O filme chumba como história de espionagem, como enredo romântico e como recriação credível da Londres debaixo dos “raids” aéreos alemães (durante o “Blitz”, de certeza que não se davam festas até tarde com as luzes todas acesas, nem tão-pouco duas lésbicas fariam gala de exibir a sua relação publicamente, em especial trabalhando uma delas nos serviços secretos militares – uma concessão absurda e deslocada à agenda LGBT); e perde o pé da verosimilhança vezes demais (ver a descontração com que Max substitui colegas em missões aéreas a França sem que os superiores saibam, ou “fura” controlos de segurança em bases militares com a facilidade de um adolescente que entra à socapa numa discoteca de província.)

[Veja a entrevista com o realizador Robert Zemeckis]

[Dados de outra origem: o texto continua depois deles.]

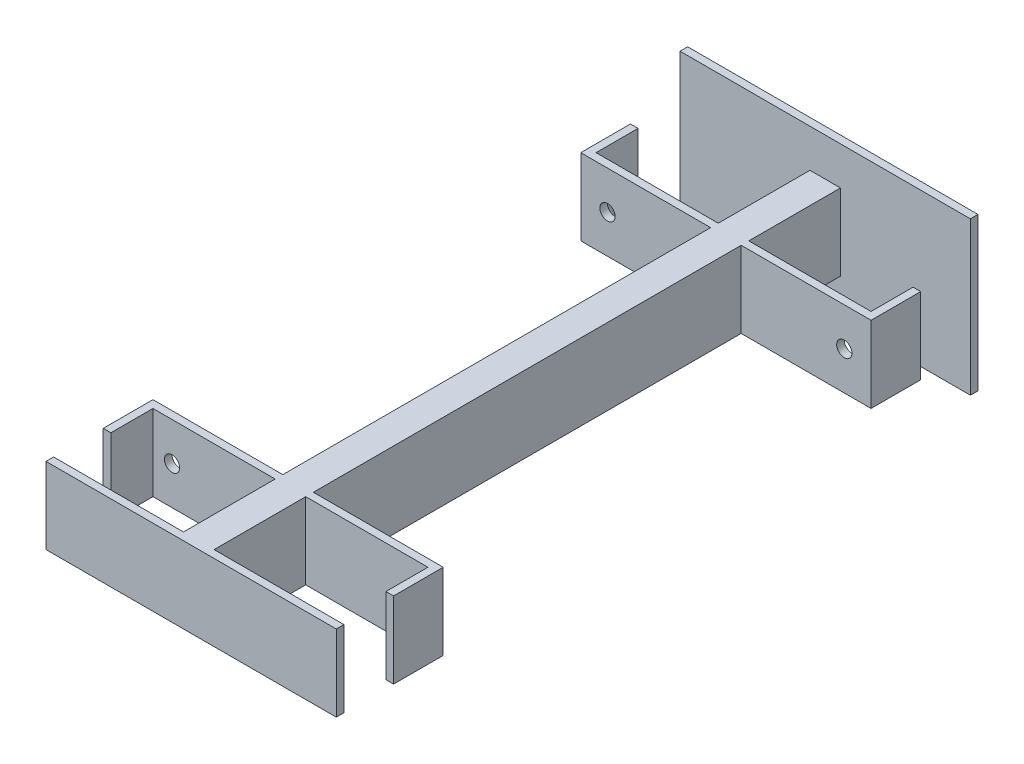
SolidWorks part; units mm, degrees
ref_plane "Front Plane" through (0, 0, 0) normal (0, 0, 1) x (1, 0, 0)
ref_plane "Top Plane" through (0, 0, 0) normal (0, 1, 0) x (1, 0, 0)
ref_plane "Right Plane" through (0, 0, 0) normal (1, 0, 0) x (0, 0, -1)
sketch "Sketch1" plane through (0, 0, 0) normal (0, 1, 0) x (1, 0, 0)
  line L3 (-68.3517, 159.8844) -> (-68.3517, 219.8844)
  line L4 (-68.3517, 219.8844) -> (-38.3517, 219.8844)
  line L6 (11.6483, 187.3844) -> (16.6483, 187.3844)
  line L7 (16.6483, 187.3844) -> (16.6483, 154.8844)
  line L8 (16.6483, 154.8844) -> (-68.3517, 154.8844)
  line L9 (-68.3517, 154.8844) -> (-68.3517, -125.1156)
  line L10 (-68.3517, -125.1156) -> (16.6483, -125.1156)
  line L14 (11.6483, -130.1156) -> (-68.3517, -130.1156)
  line L15 (-68.3517, -130.1156) -> (-68.3517, -190.1156)
  line L16 (-68.3517, -190.1156) -> (-38.3517, -190.1156)
  line L17 (-38.3517, -190.1156) -> (-38.3517, -195.1156)
  line L18 (-38.3517, -195.1156) -> (-118.3517, -195.1156)
  line L19 (-118.3517, -195.1156) -> (-118.3517, -190.1156)
  line L20 (-118.3517, -190.1156) -> (-88.3517, -190.1156)
  line L21 (-88.3517, -190.1156) -> (-88.3517, -130.1156)
  line L22 (-88.3517, -130.1156) -> (-168.3517, -130.1156)
  line L23 (-168.3517, -130.1156) -> (-168.3517, -157.6656)
  line L24 (-168.3517, -157.6656) -> (-173.3517, -157.6656)
  line L25 (-173.3517, -157.6656) -> (-173.3517, -125.1156)
  line L26 (-173.3517, -125.1156) -> (-88.3517, -125.1156)
  line L27 (-88.3517, -125.1156) -> (-88.3517, 154.8844)
  line L28 (-88.3517, 154.8844) -> (-173.3517, 154.8844)
  line L29 (-173.3517, 154.8844) -> (-173.3517, 187.3844)
  line L30 (-173.3517, 187.3844) -> (-168.3517, 187.3844)
  line L31 (-168.3517, 187.3844) -> (-168.3517, 159.8844)
  line L32 (-168.3517, 159.8844) -> (-88.3517, 159.8844)
  line L33 (-88.3517, 159.8844) -> (-88.3517, 219.8844)
  line L34 (-88.3517, 219.8844) -> (-118.3517, 219.8844)
  line L36 (-118.3517, 219.8844) -> (-118.3517, 224.8844)
  line L37 (-118.3517, 224.8844) -> (-38.3517, 224.8844)
  line L38 (-38.3517, 224.8844) -> (-38.3517, 219.8844)
  line L39 (-68.3517, 159.8844) -> (11.6483, 159.8844)
  line L40 (11.6483, 159.8844) -> (11.6483, 187.3844)
  line L41 (16.6483, -125.1156) -> (16.6483, -157.6156)
  line L42 (16.6483, -157.6156) -> (11.6483, -157.6156)
  line L43 (11.6483, -157.6156) -> (11.6483, -130.1156)
  point P0 (-78.3517, 224.8844)
  point P1 (-103.3517, 219.8844)
  point P38 (-78.3517, -195.1156)
  dimension "D1" = 20
  dimension "D2" = 410
  dimension "D3" = 410
  dimension "D4" = 280
  dimension "D5" = 5
  dimension "D6" = 32.5
  dimension "D7" = 60
  dimension "D8" = 85
  dimension "D9" = 60
  dimension "D10" = 60
  dimension "D11" = 5
  dimension "D12" = 5
  dimension "D13" = 5
  dimension "D14" = 5
  dimension "D15" = 32.5
  dimension "D16" = 5
  dimension "D17" = 5
  dimension "D18" = 5
  dimension "D19" = 5
  dimension "D20" = 32.5
  dimension "D21" = 32.55
  dimension "D22" = 5
  dimension "D23" = 80
  dimension "D24" = 80
  dimension "D25" = 80
  dimension "D26" = 80
  dimension "D27" = 85
  dimension "D28" = 80
  dimension "D29" = 30
  dimension "D30" = 85
  dimension "D31" = 85
  dimension "D32" = 30
  dimension "D33" = 30
extrude "Boss-Extrude1" add sketch "Sketch1" along normal blind 50
sketch "Sketch2" plane through (0, 0, -224.8844) normal (0, 0, -1) x (-1, 0, 0)
  line L0 (38.3517, 50) -> (38.3517, 0) construction
  line L1 (-16.6483, 75) -> (173.3517, 75)
  line L2 (-16.6483, 75) -> (-16.6483, -25)
  line L3 (-16.6483, -25) -> (173.3517, -25)
  line L4 (173.3517, 75) -> (173.3517, -25)
  point P6 (38.3517, 25)
  point P7 (-16.6483, 25)
  dimension "D1" = 100
extrude "Boss-Extrude2" add sketch "Sketch2" against normal blind 5
sketch "Sketch3" plane through (0, 0, 195.1156) normal (0, 0, 1) x (1, 0, 0)
  line L1 (-173.3517, 50) -> (16.6483, 50)
  line L2 (-173.3517, 50) -> (-173.3517, 0)
  line L3 (-173.3517, 0) -> (16.6483, 0)
  line L4 (16.6483, 50) -> (16.6483, 0)
extrude "Boss-Extrude3" add sketch "Sketch3" against normal blind 5
sketch "Sketch4" plane through (0, 0, 125.1156) normal (0, 0, -1) x (-1, 0, 0)
  line L0 (173.3517, 50) -> (173.3517, 0) construction
  line L1 (88.3517, 50) -> (173.3517, 50) construction
  circle A0 centre (155.8517, 25) radius 5
  dimension "D1" = 17.5
  dimension "D4" = 10
  dimension "D2" = 85
  dimension "D3" = 25
extrude "Cut-Extrude1" cut sketch "Sketch4" along normal blind 291 and the other way blind 20
sketch "Sketch5" plane through (0, 0, 125.1156) normal (0, 0, -1) x (-1, 0, 0)
  line L0 (-16.6483, 50) -> (-16.6483, 0) construction
  line L1 (-16.6483, 50) -> (68.3517, 50) construction
  circle A0 centre (0.8517, 25) radius 5
  dimension "D1" = 17.5
  dimension "D2" = 25
extrude "Cut-Extrude2" cut sketch "Sketch5" against normal blind 21 and the other way blind 291
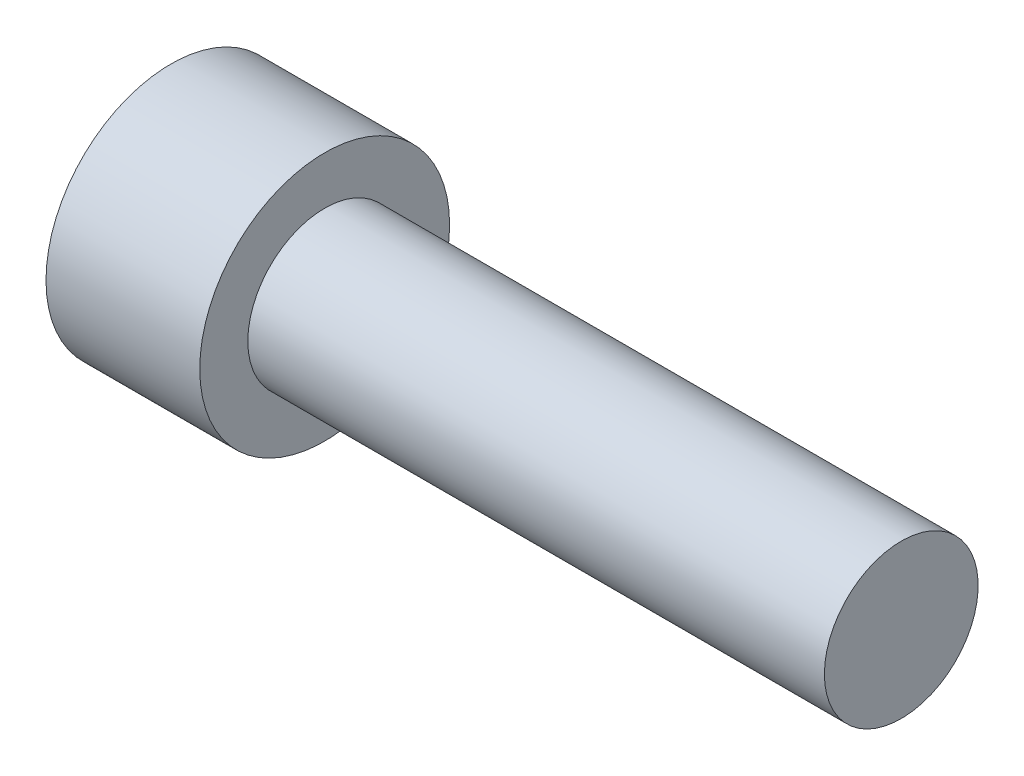
SolidWorks part; units mm, degrees
ref_plane "Front Plane" through (0, 0, 0) normal (0, 0, 1) x (1, 0, 0)
ref_plane "Top Plane" through (0, 0, 0) normal (0, 1, 0) x (1, 0, 0)
ref_plane "Right Plane" through (0, 0, 0) normal (1, 0, 0) x (0, 0, -1)
sketch "Sketch1" plane through (0, 0, 0) normal (0, 0, 1) x (1, 0, 0)
  line L0 (0, 0) -> (38, 0) construction
  line L3 (0, 0) -> (0, 6.5)
  line L4 (0, 6.5) -> (8, 6.5)
  line L5 (8, 4) -> (8, 6.5)
  line L6 (8, 4) -> (38, 4)
  line L8 (0, 0) -> (38, 0)
  line L9 (38, 4) -> (38, 0)
  dimension "CS_A" = 13
  dimension "CS_E" = 8
  dimension "CS_L" = 30
  dimension "CS_M" = 8
revolve "Revolve1" add sketch "Sketch1" angle 360 about L0
cosmetic thread "Cosmetic Thread1" parameters "CS_D_s"=6.891
sketch "Sketch2" plane through (0, 0, 0) normal (0, 0, 1) x (1, 0, 0)
  line L0 (0, 0) -> (38, 0) construction
  line L1 (0, 6.5) -> (0, -6.5) construction
  line L2 (38, -4) -> (38, 4) construction
  line L3 (0, 3) -> (4, 3)
  line L4 (4, 3) -> (5.7321, 0)
  line L5 (0, 3) -> (0, 0)
  line L6 (0, 0) -> (5.7321, 0)
  dimension "D1" = 60
  dimension "CS_T_s" = 4
  dimension "CS_B" = 6
revolve "Cut-Revolve1" cut sketch "Sketch2" angle 360 about L0
sketch "Sketch3" plane through (0, 0, 0) normal (-1, 0, 0) x (0, 0, 1)
  line L0 (0, 0) -> (0, 6.5) construction
  line L1 (0, -3.4641) -> (3, -1.7321)
  line L2 (3, -1.7321) -> (3, 1.7321)
  line L3 (3, 1.7321) -> (0, 3.4641)
  line L4 (0, 3.4641) -> (-3, 1.7321)
  line L5 (-3, 1.7321) -> (-3, -1.7321)
  line L6 (-3, -1.7321) -> (0, -3.4641)
  circle A0 centre (0, 0) radius 3 construction
  circle A1 centre (0, 0) radius 6.5 construction
  circle A2 centre (0, 0) radius 3 construction
extrude "Cut-Extrude1" cut sketch "Sketch3" against normal blind 4
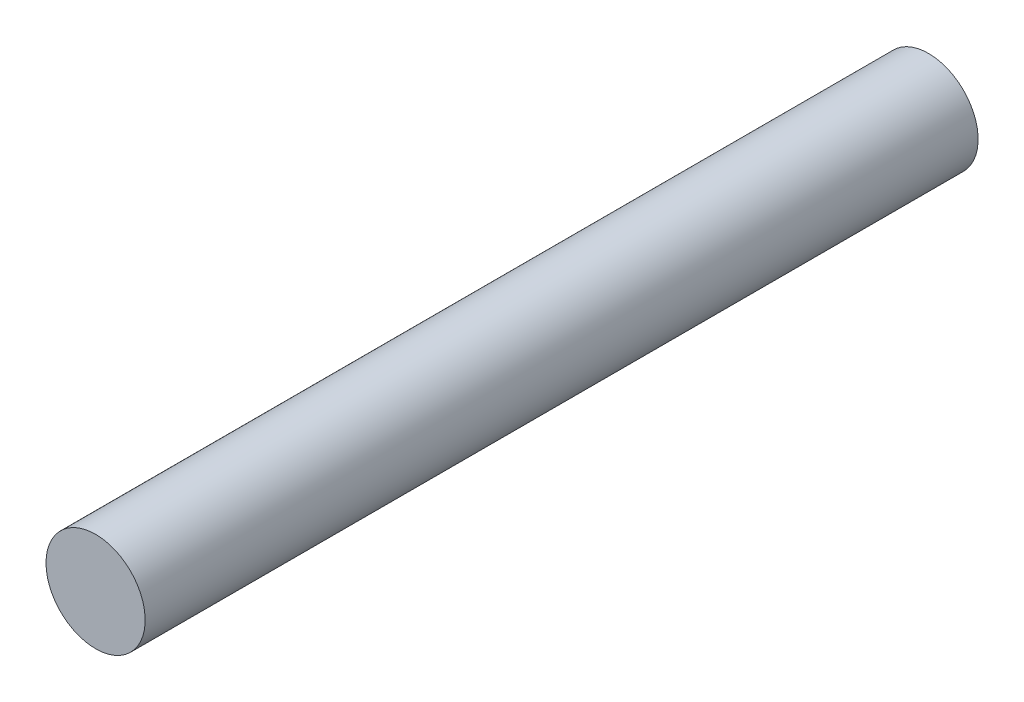
SolidWorks part; units mm, degrees
ref_plane "Front Plane" through (0, 0, 0) normal (0, 0, 1) x (1, 0, 0)
ref_plane "Top Plane" through (0, 0, 0) normal (0, 1, 0) x (1, 0, 0)
ref_plane "Right Plane" through (0, 0, 0) normal (1, 0, 0) x (0, 0, -1)
sketch "Sketch1" plane through (0, 0, 0) normal (0, 0, 1) x (1, 0, 0)
  circle A0 centre (0, 0) radius 2.5
extrude "Boss-Extrude1" add sketch "Sketch1" along normal blind 42
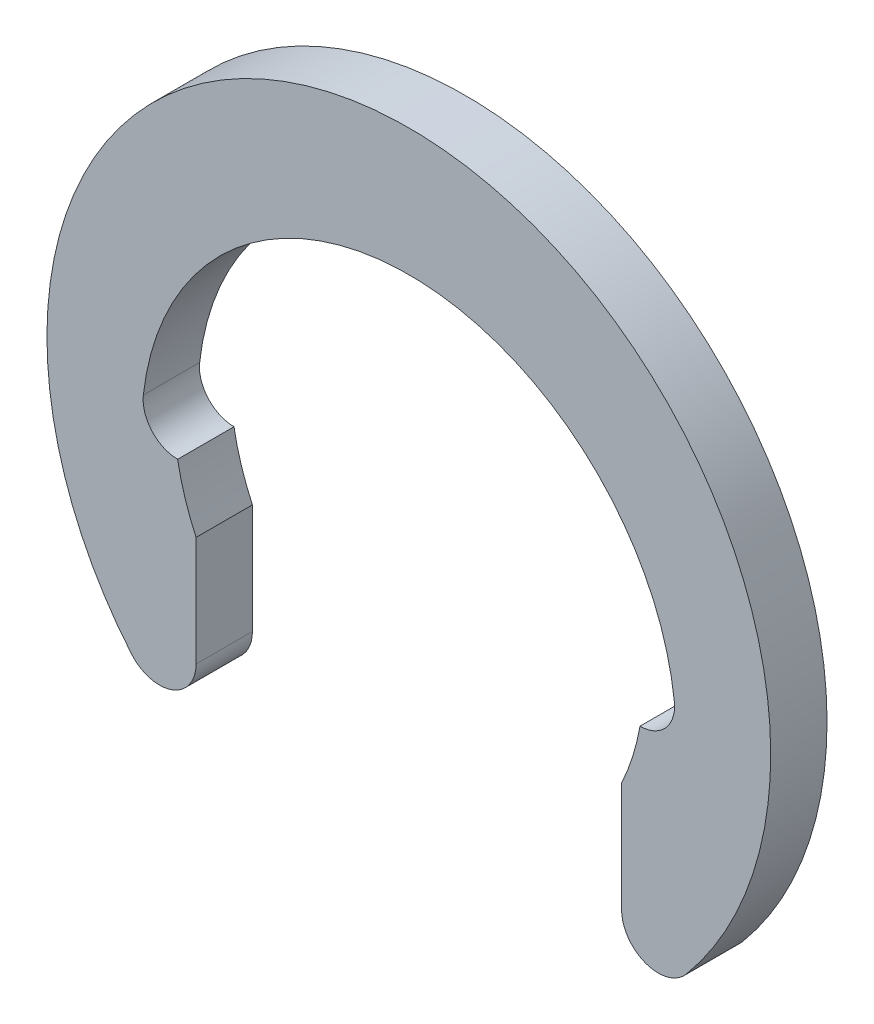
SolidWorks part; units mm, degrees
ref_plane "Plane1" through (0, 0, 0) normal (0, 0, 1) x (1, 0, 0)
ref_plane "Plane2" through (0, 0, 0) normal (0, 1, 0) x (1, 0, 0)
ref_plane "Plane3" through (0, 0, 0) normal (1, 0, 0) x (0, 0, -1)
sketch "Clipboard" plane through (0, 0, 0) normal (0, 0, 1) x (1, 0, 0)
  line L0 (0, 0) -> (1.3, 0)
  circle A0 centre (0, 0) radius 2.4
  circle A1 centre (0, 0) radius 3.7
  dimension "FreeID" = 4.8
  dimension "FreeOD" = 7.4
  dimension "LargeSection" = 1.3
sketch "BodySke" plane through (0, 0, 0) normal (0, 0, 1) x (1, 0, 0)
  line L0 (-2.825, 0) -> (2.825, 0) construction
  line L1 (0, 0) -> (0, 2.5) construction
  line L2 (0, 0) -> (2.462, -0.4341) construction
  line L3 (0, 0) -> (2.2658, -1.0565) construction
  line L4 (0, 0) -> (-2.462, -0.4341) construction
  line L5 (0, 0) -> (-2.2658, -1.0565) construction
  line L6 (2.2658, -1.0565) -> (2.2658, -2.2243)
  line L7 (-2.2658, -1.0565) -> (-2.2658, -2.2243)
  circle A0 centre (0, 0) radius 2.5 construction
  arc A1 (2.825, 0) -> (-2.825, 0) centre (0, -0.3461) ccw construction
  arc A2 (2.9548, -2.4747) -> (-2.9548, -2.4747) centre (0, 0) ccw
  arc A3 (2.2658, -1.0565) -> (2.462, -0.4341) centre (0, 0) ccw
  arc A4 (2.8279, -0.0243) -> (-2.8279, -0.0243) centre (0, -0.3461) ccw
  arc A5 (-2.462, -0.4341) -> (-2.2658, -1.0565) centre (0, 0) ccw
  arc A6 (2.462, -0.4341) -> (2.8279, -0.0243) centre (2.462, -0.0659) ccw
  arc A7 (-2.8279, -0.0243) -> (-2.462, -0.4341) centre (-2.462, -0.0659) ccw
  arc A8 (2.2658, -2.2243) -> (2.9548, -2.4747) centre (2.6558, -2.2243) ccw
  arc A9 (-2.9548, -2.4747) -> (-2.2658, -2.2243) centre (-2.6558, -2.2243) ccw
  dimension "D1" = 10
  dimension "GrooveDia" = 5
  dimension "OutsideDia" = 7.7083
  dimension "TipRad" = 0.39
  dimension "CavityWidth" = 5.65
  dimension "D2" = 15
extrude "Body" add sketch "BodySke" against normal blind 0.6
equation "' \"FreeID@Clipboard\" = 2.18"
equation "' \"Thickness@Body\" = 0.4"
equation "' \"GrooveDia@BodySke\" = 2.3"
equation "' \"FreeOD@Clipboard\" = 3.98"
equation "' \"LargeSection@Clipboard\" = 0.9"
equation "\"OutsideDia@BodySke\" = ( \"GrooveDia@BodySke\"  /  \"FreeID@Clipboard\" )  * \"FreeOD@Clipboard\""
equation "\"CavityWidth@BodySke\" = \"GrooveDia@BodySke\" + 0.25 * 2 * \"LargeSection@Clipboard\""
equation "\"TipRad@BodySke\" = 0.3 * \"LargeSection@Clipboard\""
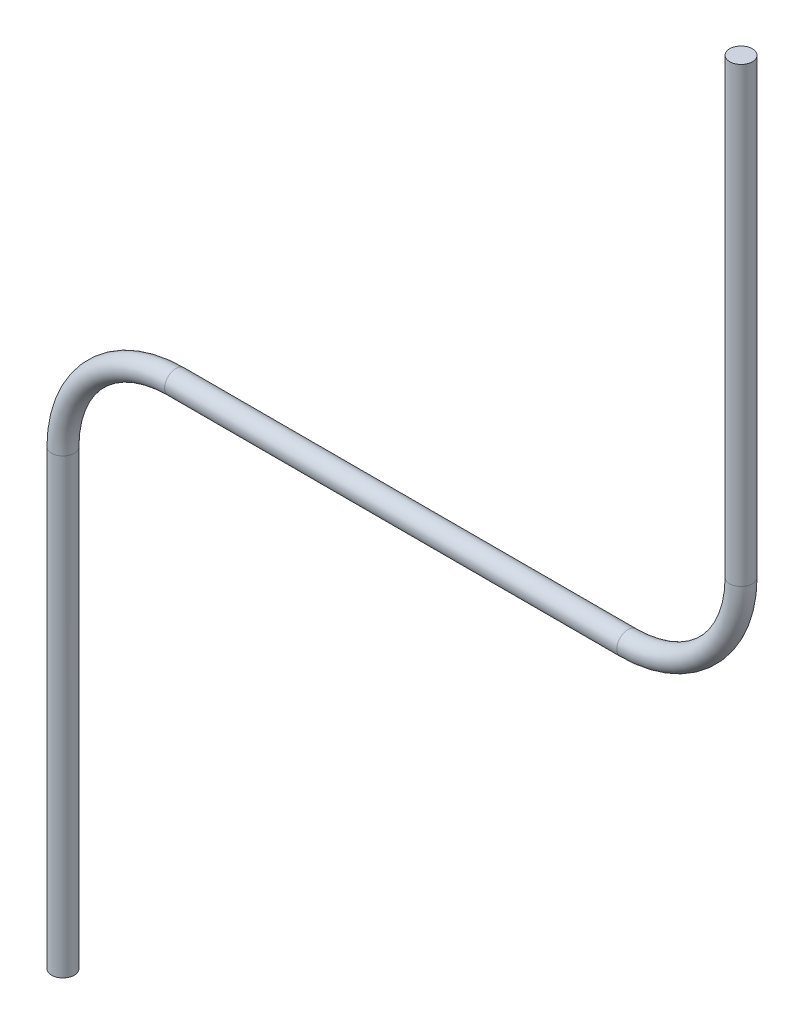
SolidWorks part; units mm, degrees
ref_plane "Front Plane" through (0, 0, 0) normal (0, 0, 1) x (1, 0, 0)
ref_plane "Top Plane" through (0, 0, 0) normal (0, 1, 0) x (1, 0, 0)
ref_plane "Right Plane" through (0, 0, 0) normal (1, 0, 0) x (0, 0, -1)
sketch "Sketch1" plane through (0, 0, 0) normal (0, 0, -1) x (1, 0, 0)
  line L0 (0, 0) -> (0, 80)
  line L1 (-20, 100) -> (-100, 100)
  line L2 (-120, 120) -> (-120, 200)
  arc A0 (-120, 120) -> (-100, 100) centre (-100, 120) ccw
  arc A1 (0, 80) -> (-20, 100) centre (-20, 80) ccw
  point P9 (0, 100)
  dimension "D2" = 20
  dimension "D1" = 100
sketch "Sketch2" plane through (0, 0, 0) normal (0, 1, 0) x (1, 0, 0)
  circle A0 centre (0, 0) radius 2
  dimension "D1" = 4
sweep "Sweep1" add profiles "Sketch2" path "Sketch1"

Além de ser incapaz de recriar ou evocar os ambientes, a tensão, as emoções e o “glamour” dos filmes a que aqui se refere com uma nostalgia tão anémica como postiça, Robert Zemeckis salpica “Aliados” de personagens de cartão (franceses estereotipados, nazis de opereta, oficiais ingleses de caricatura) e vai buscar ao manual dos lugares-comuns do género uma série de situações, caso da cena de amor entre Max e Marianne dentro do carro, no meio de uma tempestade de areia, “levantada” de uma semelhante de “O Paciente Inglês”, ou do massacre na embaixada alemã, qual versão económica de um “Sacanas Sem Lei”. Quanto ao “twist” espertalhão do enredo, é daqueles que ainda a fita vai a meio e já o topámos.

Se são filmes como este que os estúdios americanos querem propor a um público adulto e mais exigente como alternativa à praga de “blockbusters” de super-heróis, têm que puxar pelos galões e fazer muito, mas muito melhor do que dispendiosas pepineiras deste calibre. A prova: “Aliados” é um dos fracassos de bilheteira do momento nos EUA.